Assignment:
Starting at the top of the entries below, write out each line up to and including the one containing "line L9 (29, -46) -> (44.7771, -46)". Leave the pictures out.

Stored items
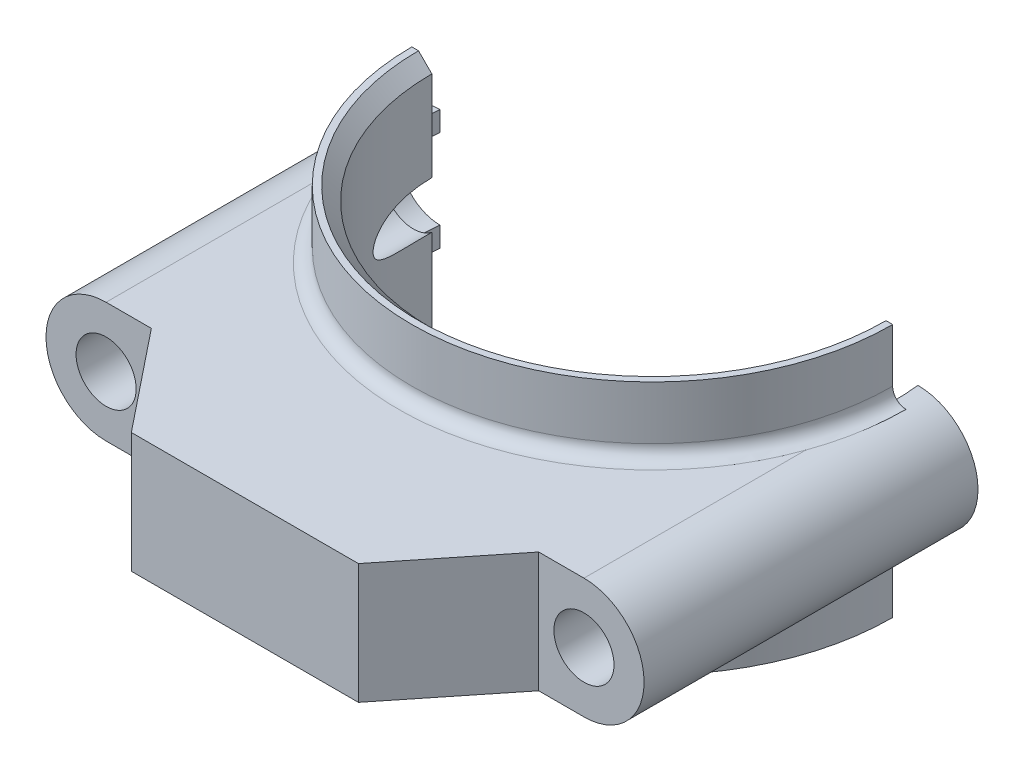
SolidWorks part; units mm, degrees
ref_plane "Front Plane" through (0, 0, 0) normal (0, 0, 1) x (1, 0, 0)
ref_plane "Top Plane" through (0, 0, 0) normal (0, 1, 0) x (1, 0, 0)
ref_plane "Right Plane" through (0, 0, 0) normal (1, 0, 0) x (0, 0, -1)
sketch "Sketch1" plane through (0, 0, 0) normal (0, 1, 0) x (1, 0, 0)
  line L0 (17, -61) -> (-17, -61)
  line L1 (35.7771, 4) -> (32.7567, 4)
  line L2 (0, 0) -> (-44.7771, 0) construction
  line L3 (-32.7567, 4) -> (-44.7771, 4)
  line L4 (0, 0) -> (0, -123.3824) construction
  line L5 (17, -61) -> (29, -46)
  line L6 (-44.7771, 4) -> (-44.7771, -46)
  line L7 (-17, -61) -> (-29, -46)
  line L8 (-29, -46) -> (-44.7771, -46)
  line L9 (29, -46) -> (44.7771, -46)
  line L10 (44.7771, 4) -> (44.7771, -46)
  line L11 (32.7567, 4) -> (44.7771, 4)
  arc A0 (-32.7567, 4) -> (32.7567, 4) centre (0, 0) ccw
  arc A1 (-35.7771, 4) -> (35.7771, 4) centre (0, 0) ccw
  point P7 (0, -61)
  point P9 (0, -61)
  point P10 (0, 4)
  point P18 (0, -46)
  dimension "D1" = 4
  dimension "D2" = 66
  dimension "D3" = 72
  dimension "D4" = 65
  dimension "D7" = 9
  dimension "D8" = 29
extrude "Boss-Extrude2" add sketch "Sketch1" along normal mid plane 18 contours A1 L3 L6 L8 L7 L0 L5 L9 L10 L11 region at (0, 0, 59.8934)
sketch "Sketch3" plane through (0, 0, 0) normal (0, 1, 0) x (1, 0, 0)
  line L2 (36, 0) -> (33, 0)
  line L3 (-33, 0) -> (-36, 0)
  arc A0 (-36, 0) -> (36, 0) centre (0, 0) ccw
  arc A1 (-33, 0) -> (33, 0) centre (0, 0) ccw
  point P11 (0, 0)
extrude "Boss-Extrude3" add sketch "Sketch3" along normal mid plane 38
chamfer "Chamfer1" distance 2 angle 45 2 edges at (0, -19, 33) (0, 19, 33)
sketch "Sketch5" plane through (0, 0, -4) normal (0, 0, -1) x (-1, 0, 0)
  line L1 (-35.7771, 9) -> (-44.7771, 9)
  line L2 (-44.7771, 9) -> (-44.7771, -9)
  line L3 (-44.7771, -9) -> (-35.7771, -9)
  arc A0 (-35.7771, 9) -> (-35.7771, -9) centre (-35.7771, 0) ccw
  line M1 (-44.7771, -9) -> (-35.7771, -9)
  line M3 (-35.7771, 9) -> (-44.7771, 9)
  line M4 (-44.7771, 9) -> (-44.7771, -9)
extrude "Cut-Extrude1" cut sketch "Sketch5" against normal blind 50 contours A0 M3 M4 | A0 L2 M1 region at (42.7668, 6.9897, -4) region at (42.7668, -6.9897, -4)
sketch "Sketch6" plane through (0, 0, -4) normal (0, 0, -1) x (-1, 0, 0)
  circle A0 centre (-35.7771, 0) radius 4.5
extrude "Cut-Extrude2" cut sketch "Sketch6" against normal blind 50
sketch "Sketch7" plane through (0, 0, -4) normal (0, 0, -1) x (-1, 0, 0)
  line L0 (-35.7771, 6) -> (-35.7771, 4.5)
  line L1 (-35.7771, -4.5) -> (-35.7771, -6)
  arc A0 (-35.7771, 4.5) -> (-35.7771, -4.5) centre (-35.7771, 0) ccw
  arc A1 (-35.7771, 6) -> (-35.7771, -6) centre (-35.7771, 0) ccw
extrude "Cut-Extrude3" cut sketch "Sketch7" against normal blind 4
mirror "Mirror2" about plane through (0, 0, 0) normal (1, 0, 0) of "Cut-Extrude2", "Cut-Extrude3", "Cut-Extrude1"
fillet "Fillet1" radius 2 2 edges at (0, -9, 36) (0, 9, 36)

Task answer:
SolidWorks part; units mm, degrees
ref_plane "Front Plane" through (0, 0, 0) normal (0, 0, 1) x (1, 0, 0)
ref_plane "Top Plane" through (0, 0, 0) normal (0, 1, 0) x (1, 0, 0)
ref_plane "Right Plane" through (0, 0, 0) normal (1, 0, 0) x (0, 0, -1)
sketch "Sketch1" plane through (0, 0, 0) normal (0, 1, 0) x (1, 0, 0)
  line L0 (17, -61) -> (-17, -61)
  line L1 (35.7771, 4) -> (32.7567, 4)
  line L2 (0, 0) -> (-44.7771, 0) construction
  line L3 (-32.7567, 4) -> (-44.7771, 4)
  line L4 (0, 0) -> (0, -123.3824) construction
  line L5 (17, -61) -> (29, -46)
  line L6 (-44.7771, 4) -> (-44.7771, -46)
  line L7 (-17, -61) -> (-29, -46)
  line L8 (-29, -46) -> (-44.7771, -46)
  line L9 (29, -46) -> (44.7771, -46)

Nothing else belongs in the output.